What is being asked :: Task for the records below: copy exactly from the first line on, stopping once the line with "line L2 (19.6889, 16.1056)" is copied, and leave out the pictures.

Source records

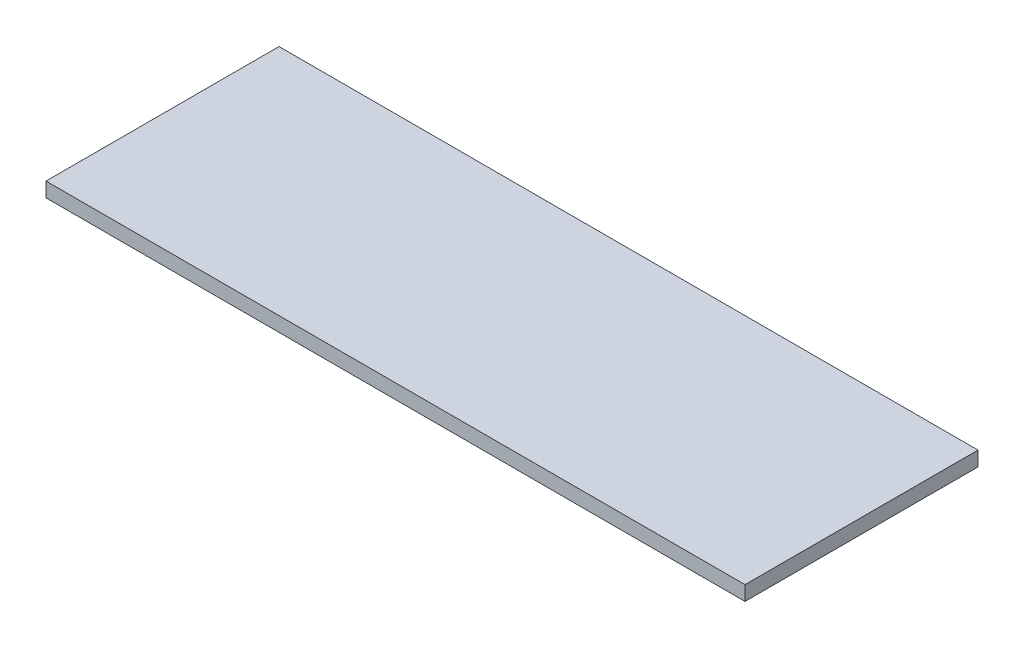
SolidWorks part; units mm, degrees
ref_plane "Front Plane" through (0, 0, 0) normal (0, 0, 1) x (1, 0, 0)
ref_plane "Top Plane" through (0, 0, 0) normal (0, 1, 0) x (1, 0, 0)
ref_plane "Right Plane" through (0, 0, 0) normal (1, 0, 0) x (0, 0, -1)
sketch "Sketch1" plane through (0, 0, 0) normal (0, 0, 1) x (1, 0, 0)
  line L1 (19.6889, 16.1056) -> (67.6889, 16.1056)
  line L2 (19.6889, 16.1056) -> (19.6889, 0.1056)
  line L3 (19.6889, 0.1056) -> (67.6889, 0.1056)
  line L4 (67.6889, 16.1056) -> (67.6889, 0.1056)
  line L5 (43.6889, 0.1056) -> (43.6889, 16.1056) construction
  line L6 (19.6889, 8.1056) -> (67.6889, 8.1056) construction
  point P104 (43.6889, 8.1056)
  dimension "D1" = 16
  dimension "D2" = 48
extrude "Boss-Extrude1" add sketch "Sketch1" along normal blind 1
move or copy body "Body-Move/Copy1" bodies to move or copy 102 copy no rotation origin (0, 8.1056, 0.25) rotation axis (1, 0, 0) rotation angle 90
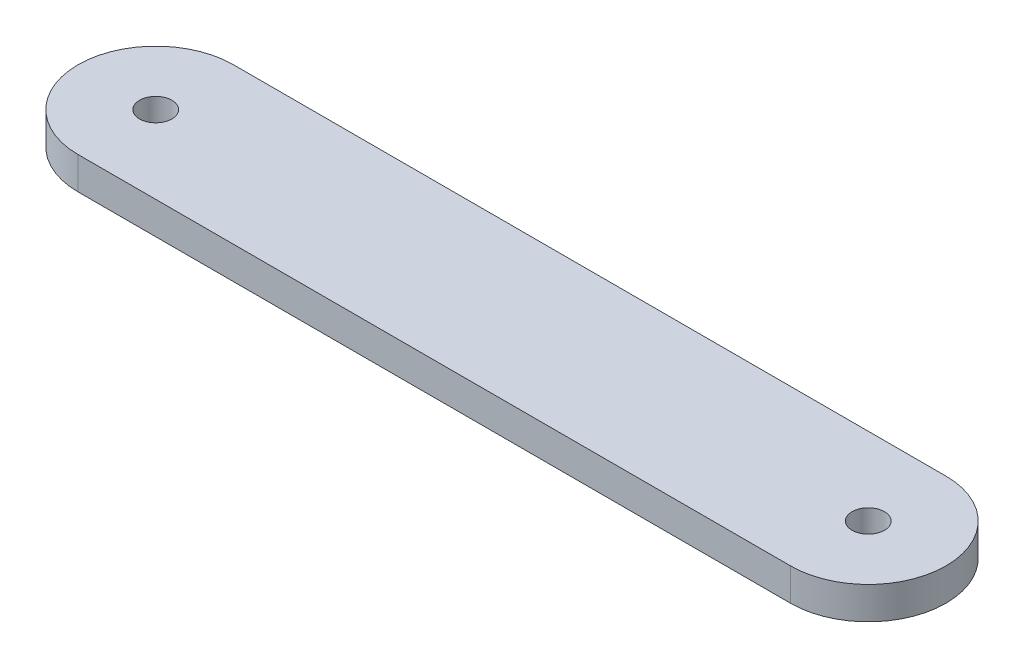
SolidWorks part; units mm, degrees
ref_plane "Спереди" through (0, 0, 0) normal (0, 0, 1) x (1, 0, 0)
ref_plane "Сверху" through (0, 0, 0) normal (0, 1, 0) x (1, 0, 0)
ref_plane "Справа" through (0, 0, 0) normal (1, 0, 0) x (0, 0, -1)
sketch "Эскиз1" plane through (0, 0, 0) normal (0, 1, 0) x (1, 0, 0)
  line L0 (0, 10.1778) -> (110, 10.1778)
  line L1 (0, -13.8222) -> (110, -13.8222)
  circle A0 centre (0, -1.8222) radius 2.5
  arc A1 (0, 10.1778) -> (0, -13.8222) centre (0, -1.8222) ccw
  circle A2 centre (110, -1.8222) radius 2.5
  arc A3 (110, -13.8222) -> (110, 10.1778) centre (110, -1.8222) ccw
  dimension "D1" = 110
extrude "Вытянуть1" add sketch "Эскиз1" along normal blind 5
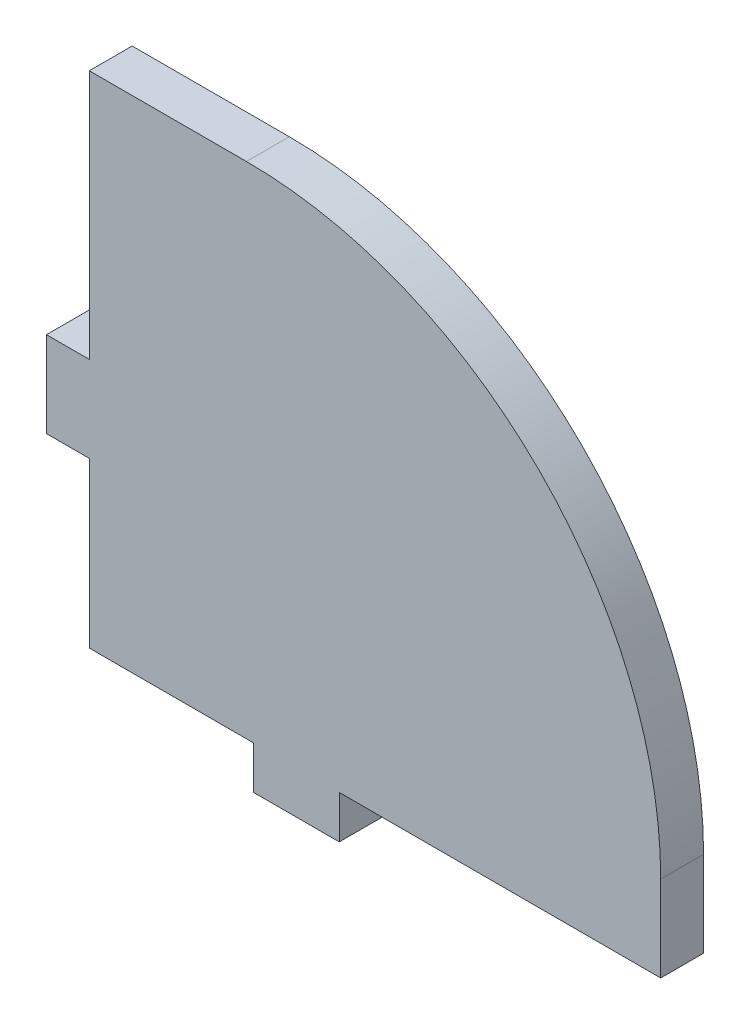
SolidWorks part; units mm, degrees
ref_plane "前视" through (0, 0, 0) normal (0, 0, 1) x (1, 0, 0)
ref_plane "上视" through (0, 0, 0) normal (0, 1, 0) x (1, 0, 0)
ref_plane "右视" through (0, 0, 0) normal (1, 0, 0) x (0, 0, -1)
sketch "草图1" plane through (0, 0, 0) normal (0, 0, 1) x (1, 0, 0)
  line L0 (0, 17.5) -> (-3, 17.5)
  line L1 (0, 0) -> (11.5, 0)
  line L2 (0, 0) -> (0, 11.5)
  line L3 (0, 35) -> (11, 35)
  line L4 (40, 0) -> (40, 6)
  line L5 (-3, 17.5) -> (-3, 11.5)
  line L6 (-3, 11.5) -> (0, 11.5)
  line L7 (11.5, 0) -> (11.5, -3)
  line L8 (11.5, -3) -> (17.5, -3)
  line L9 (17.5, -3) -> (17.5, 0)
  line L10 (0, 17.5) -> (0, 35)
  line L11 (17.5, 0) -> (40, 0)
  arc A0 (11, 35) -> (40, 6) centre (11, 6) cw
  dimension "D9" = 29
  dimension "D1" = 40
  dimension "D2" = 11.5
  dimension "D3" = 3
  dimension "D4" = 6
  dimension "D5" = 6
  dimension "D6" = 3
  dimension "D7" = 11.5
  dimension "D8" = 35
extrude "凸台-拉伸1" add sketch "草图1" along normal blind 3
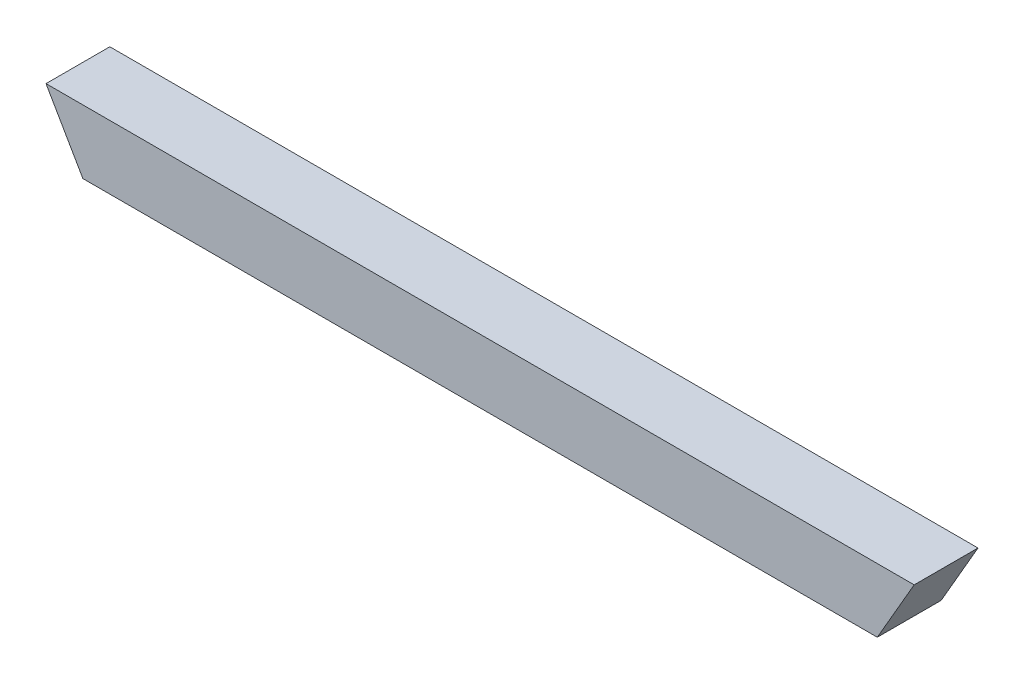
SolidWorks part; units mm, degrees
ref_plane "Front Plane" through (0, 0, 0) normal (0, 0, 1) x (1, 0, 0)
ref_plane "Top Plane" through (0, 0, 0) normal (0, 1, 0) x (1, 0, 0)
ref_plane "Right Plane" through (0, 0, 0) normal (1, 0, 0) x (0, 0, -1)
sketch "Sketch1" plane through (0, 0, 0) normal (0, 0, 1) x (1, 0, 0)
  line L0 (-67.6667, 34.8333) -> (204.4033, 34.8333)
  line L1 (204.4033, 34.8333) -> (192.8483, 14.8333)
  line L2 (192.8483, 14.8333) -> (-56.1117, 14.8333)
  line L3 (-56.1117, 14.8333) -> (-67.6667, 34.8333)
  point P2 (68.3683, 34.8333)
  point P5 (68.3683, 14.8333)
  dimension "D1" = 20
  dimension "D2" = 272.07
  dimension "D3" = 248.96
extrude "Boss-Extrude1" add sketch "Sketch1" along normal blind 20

Answer section ::
SolidWorks part; units mm, degrees
ref_plane "Front Plane" through (0, 0, 0) normal (0, 0, 1) x (1, 0, 0)
ref_plane "Top Plane" through (0, 0, 0) normal (0, 1, 0) x (1, 0, 0)
ref_plane "Right Plane" through (0, 0, 0) normal (1, 0, 0) x (0, 0, -1)
sketch "Sketch1" plane through (0, 0, 0) normal (0, 0, 1) x (1, 0, 0)
  line L1 (19.6889, 16.1056) -> (67.6889, 16.1056)
  line L2 (19.6889, 16.1056) -> (19.6889, 0.1056)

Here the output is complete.